» Exercise
Please copy each line of the records below that holds the word "final".

= = = = =

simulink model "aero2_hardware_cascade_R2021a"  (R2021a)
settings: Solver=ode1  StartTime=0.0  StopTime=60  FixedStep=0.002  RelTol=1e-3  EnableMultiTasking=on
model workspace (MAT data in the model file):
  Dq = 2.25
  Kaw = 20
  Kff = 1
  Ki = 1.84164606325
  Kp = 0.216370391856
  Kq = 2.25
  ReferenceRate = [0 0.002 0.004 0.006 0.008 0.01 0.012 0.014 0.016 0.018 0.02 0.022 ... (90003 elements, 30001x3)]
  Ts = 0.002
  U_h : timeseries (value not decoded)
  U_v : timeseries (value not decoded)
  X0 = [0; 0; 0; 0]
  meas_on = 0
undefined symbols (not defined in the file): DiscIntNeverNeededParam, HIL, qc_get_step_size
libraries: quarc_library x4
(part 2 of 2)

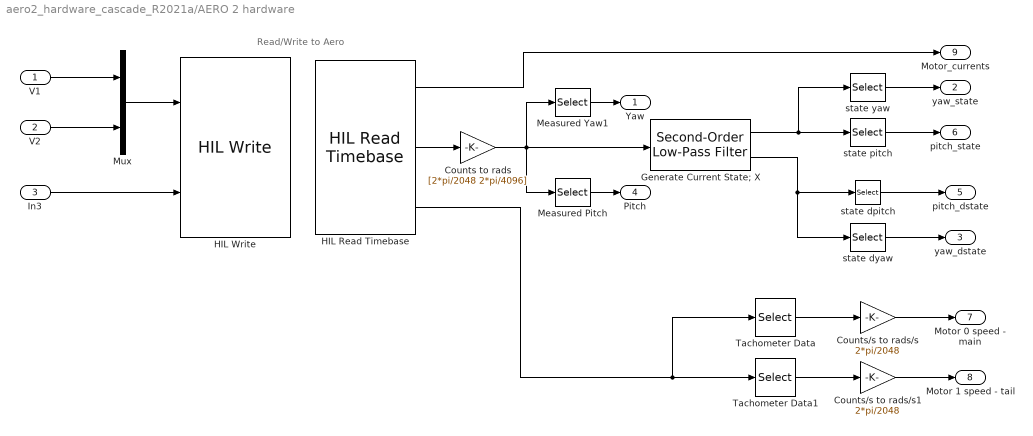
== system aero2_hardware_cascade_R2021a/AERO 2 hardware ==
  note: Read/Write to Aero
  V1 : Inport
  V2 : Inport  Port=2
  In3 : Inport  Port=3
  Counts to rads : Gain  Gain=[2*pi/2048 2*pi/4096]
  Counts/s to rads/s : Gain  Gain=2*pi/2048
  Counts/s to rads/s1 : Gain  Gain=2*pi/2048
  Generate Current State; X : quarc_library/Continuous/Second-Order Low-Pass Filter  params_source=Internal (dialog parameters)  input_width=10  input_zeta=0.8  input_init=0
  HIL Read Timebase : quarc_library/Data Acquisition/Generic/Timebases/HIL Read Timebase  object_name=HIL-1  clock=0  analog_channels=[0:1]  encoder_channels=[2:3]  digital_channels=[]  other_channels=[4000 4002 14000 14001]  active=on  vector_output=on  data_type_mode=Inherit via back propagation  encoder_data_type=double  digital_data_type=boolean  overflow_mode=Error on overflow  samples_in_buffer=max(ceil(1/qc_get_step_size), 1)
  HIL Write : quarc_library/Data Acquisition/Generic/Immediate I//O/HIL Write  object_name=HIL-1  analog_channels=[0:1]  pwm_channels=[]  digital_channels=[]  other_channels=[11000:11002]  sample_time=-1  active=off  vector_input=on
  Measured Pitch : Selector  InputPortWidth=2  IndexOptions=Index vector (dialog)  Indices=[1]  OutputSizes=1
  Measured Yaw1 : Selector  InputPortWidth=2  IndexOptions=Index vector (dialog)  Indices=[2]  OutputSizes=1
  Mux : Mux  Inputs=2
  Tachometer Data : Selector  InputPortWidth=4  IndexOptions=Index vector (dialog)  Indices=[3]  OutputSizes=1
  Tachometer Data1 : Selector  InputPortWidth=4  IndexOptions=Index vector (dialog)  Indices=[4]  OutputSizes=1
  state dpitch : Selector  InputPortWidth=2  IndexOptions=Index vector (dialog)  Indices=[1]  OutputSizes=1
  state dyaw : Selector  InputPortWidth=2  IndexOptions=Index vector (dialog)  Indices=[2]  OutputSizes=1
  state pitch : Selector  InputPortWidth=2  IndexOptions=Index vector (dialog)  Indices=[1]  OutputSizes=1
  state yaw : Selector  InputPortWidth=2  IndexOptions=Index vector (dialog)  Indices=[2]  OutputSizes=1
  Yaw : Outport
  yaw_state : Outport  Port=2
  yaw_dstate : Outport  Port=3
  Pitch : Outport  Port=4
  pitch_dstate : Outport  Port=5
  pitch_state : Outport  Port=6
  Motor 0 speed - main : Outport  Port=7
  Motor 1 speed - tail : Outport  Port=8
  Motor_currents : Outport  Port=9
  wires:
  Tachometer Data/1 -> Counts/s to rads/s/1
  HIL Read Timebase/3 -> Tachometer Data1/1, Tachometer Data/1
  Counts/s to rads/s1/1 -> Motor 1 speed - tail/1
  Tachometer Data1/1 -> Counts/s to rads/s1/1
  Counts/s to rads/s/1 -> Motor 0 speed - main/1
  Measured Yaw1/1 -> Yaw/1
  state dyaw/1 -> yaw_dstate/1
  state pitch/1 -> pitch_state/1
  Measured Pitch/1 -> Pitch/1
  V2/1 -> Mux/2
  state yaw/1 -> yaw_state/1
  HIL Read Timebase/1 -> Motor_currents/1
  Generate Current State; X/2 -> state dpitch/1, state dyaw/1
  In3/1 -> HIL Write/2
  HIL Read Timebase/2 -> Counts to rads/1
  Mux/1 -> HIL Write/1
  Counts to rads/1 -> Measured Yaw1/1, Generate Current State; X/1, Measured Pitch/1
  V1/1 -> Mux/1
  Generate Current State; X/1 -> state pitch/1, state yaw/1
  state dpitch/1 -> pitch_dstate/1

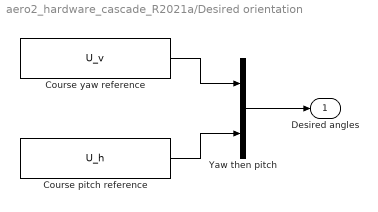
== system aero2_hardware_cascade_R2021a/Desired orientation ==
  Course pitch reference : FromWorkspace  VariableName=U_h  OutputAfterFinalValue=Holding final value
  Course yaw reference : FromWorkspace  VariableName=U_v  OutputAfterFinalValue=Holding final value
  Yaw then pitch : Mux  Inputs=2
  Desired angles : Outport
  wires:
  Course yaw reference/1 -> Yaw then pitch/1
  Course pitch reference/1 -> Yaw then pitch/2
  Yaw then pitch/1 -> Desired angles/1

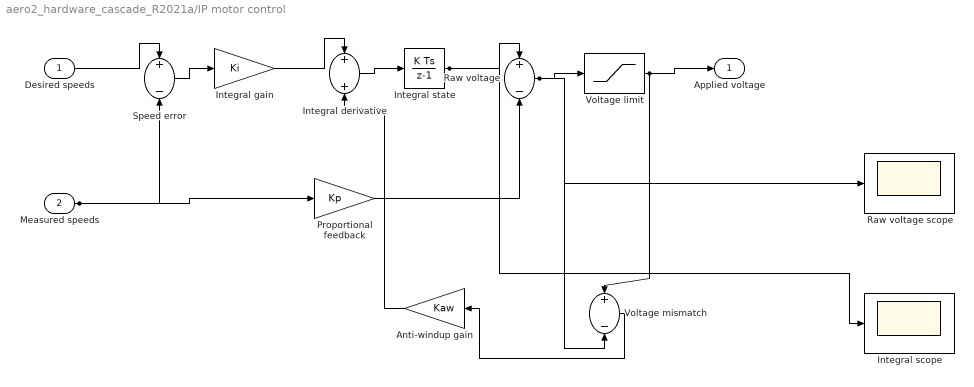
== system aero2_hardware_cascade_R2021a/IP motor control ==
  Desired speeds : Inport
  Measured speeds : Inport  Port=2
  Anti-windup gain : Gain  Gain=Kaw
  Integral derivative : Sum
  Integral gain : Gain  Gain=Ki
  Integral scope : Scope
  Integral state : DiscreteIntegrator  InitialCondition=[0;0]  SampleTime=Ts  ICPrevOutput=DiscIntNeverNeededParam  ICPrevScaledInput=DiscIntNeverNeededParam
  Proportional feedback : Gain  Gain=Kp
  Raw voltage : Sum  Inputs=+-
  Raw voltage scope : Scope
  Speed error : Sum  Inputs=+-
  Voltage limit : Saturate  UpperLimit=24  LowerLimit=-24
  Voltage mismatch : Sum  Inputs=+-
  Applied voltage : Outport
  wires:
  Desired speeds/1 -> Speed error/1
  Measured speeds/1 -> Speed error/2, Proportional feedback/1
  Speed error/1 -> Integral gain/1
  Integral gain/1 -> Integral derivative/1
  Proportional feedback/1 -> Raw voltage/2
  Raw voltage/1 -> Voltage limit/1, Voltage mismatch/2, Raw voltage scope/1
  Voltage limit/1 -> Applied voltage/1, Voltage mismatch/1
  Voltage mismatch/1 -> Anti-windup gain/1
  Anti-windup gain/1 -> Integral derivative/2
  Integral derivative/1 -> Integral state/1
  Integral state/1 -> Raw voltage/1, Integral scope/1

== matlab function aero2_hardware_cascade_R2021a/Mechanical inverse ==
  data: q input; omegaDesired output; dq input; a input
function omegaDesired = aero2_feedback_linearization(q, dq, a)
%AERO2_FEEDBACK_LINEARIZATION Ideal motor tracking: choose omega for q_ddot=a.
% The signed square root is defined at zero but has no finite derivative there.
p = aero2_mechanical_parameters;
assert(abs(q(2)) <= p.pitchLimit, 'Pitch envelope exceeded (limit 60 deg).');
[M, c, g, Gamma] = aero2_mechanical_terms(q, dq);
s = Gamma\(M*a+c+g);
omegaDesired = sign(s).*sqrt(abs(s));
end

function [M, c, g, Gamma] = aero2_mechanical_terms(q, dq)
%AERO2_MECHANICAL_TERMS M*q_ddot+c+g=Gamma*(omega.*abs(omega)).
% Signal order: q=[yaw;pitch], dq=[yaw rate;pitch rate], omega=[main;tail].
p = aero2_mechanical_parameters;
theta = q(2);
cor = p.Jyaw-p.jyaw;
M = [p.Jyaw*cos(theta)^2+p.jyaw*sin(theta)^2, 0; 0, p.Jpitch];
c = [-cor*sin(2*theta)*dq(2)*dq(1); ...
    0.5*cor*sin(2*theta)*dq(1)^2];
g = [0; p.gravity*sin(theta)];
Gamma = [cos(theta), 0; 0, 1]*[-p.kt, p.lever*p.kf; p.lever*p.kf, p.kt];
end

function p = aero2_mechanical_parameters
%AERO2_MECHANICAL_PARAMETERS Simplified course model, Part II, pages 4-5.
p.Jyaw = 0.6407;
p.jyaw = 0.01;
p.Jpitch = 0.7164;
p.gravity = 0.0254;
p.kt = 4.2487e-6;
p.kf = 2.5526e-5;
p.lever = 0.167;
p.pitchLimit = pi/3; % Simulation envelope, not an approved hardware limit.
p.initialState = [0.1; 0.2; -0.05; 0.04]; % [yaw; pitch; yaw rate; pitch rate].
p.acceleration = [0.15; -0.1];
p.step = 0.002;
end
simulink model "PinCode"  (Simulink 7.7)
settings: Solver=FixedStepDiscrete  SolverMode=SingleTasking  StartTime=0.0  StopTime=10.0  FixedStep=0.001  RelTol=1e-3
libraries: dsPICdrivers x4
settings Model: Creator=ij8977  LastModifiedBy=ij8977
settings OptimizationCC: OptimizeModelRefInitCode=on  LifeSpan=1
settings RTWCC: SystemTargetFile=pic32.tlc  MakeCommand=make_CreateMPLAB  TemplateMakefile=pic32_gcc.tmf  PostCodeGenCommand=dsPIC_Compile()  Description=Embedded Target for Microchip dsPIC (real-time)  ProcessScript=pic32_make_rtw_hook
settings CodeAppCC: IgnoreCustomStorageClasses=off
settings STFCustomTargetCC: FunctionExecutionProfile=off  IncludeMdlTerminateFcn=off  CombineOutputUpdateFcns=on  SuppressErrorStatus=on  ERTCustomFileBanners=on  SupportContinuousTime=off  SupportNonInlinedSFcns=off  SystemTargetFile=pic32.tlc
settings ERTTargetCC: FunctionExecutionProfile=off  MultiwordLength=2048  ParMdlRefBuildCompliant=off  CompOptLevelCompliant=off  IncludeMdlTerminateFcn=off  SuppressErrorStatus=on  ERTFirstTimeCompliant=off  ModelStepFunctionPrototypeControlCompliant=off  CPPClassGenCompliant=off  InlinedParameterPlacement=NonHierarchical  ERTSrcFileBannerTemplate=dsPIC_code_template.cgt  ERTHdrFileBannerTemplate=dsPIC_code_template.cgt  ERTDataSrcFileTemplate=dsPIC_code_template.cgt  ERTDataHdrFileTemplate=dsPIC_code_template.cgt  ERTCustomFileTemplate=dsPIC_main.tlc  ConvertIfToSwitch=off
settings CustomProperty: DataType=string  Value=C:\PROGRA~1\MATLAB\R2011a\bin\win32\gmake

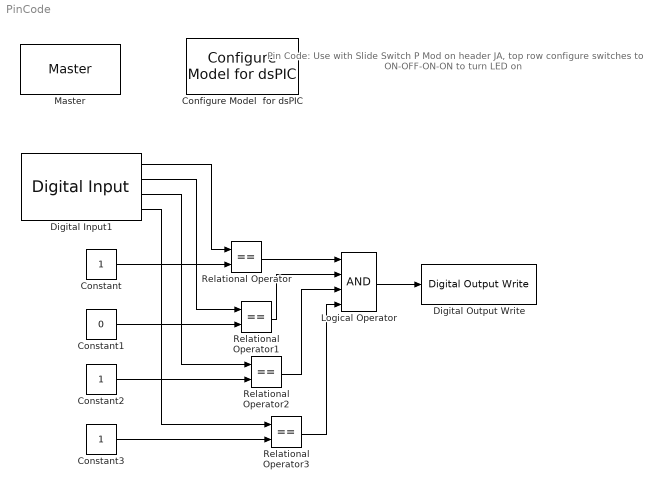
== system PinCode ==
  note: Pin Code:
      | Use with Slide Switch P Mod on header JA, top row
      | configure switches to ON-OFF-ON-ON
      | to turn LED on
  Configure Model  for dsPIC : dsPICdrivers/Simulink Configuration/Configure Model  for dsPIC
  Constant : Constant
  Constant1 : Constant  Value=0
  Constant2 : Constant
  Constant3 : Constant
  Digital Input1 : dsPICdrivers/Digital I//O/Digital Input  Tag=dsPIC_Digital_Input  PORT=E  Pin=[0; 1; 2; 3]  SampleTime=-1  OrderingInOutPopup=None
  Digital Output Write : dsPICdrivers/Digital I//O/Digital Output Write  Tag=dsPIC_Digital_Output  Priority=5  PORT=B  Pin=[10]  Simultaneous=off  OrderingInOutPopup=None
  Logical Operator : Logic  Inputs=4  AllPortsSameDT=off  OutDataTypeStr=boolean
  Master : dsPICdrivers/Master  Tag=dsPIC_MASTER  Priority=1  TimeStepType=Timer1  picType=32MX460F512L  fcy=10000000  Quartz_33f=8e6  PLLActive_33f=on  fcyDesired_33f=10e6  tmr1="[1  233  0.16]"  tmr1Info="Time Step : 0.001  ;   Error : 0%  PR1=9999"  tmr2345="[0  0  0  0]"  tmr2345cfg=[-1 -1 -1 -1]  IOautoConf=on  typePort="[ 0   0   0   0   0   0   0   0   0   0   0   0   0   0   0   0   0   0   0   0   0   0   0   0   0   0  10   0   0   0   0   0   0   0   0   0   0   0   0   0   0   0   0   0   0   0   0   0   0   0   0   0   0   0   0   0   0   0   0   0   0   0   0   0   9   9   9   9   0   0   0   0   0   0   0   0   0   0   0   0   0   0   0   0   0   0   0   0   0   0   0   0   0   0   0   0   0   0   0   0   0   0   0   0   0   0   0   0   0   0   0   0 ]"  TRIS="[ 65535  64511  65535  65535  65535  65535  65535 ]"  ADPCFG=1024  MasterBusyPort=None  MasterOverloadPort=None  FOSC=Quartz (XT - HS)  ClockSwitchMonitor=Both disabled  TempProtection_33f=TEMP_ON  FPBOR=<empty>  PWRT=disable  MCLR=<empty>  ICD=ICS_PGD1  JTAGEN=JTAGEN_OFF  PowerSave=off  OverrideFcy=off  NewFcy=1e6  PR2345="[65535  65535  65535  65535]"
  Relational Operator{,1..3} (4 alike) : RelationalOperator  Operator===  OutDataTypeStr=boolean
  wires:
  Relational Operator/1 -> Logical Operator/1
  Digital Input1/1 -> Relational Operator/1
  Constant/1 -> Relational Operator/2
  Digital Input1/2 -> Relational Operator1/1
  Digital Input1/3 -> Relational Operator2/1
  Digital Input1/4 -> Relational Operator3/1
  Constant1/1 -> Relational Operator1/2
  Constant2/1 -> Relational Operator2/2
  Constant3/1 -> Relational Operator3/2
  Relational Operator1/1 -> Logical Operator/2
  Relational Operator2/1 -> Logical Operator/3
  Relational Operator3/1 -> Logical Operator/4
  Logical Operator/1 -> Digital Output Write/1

= = = = =

» Your solution
  Course pitch reference : FromWorkspace  VariableName=U_h  OutputAfterFinalValue=Holding final value
  Course yaw reference : FromWorkspace  VariableName=U_v  OutputAfterFinalValue=Holding final value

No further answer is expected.